**What the task asks**
Among the entries that follow, how many lines contain the string "projected"? Write the number alone.
Exercise data: Begin
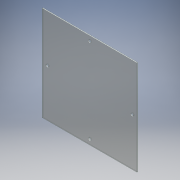
# Autodesk Inventor part: short covering
Saved by Autodesk Inventor 2016 (Build 200138000, 138)
## iProperties
Created: 2016-08-02
Part Number: short covering
Material: Glass
Document SubType Name: Modeling
Designer: Jonathan
Density: 2.18 g/cm^3
Appearance: Clear
Author: Jonathan
Autodesk Inventor part; units mm, degrees
ref_plane "YZ Plane" through (0, 0, 0) normal (1, 0, 0) x (0, 1, 0)
ref_plane "XZ Plane" through (0, 0, 0) normal (0, 1, 0) x (-1, 0, 0)
ref_plane "XY Plane" through (0, 0, 0) normal (0, 0, 1) x (1, 0, 0)
sketch "Sketch1" plane through (0, 0, 0) normal (0, 1, 0) x (-1, 0, 0)
  line L0 (95, -95) -> (-95, -95)
  line L1 (-95, -95) -> (-95, 95)
  line L2 (-95, 95) -> (95, 95)
  line L3 (95, 95) -> (95, -95)
  line L4 (95, -95) -> (-95, 95) construction
  line L5 (-95, -95) -> (95, 95) construction
  point P0 (0, 0)
  dimension "d0" = 190
  constraints: 12 end point, 2 midpoint, 2 parallel, 2 perpendicular, 1 horizontal
  measures "d0" distance of L0.start L0.end
extrude "Extrusion1" add sketch "Sketch1" along normal blind 1.5875
sketch "Sketch2" plane through (0, 1.5875, 0) normal (0, 1, 0) x (1, 0, 0)
  line L0 (-95, 95) -> (-95, -95) projected
  line L1 (-95, -95) -> (95, -95) projected
  line L2 (95, 95) -> (-95, 95) projected
  line L3 (-95, 95) -> (-95, -95) projected
  line L4 (-95, -95) -> (95, -95) projected
  line L5 (95, -95) -> (95, 95) projected
  point P0 (-85, 0)
  point P1 (0, -85)
  point P2 (85, 0)
  point P3 (0, 85)
  point P4 (0, 0)
  dimension "d17" = 10
  dimension "d18" = 10
  dimension "d19" = 10
  dimension "d20" = 10
  constraints: 2 horizontal alignment, 2 vertical alignment
  measures "d17" distance from line of L0 point (-85, 0)
  measures "d18" distance from line of L1 point (0, -85)
  measures "d19" distance from line of L5 point (85, 0)
  measures "d20" distance from line of L2 point (0, 85)
hole "Hole1" at (-85, 1.5875, 0) at (0, 1.5875, 85) at (85, 1.5875, 0) at (0, 1.5875, -85) direction (0, -1, 0) diameter 5.5 end through all clearance for "Flat Head Machine Screw" size "M5" standard "Ansi Metric M Profile"
body "Solid1"
Exercise data: End
**Result of this task**
6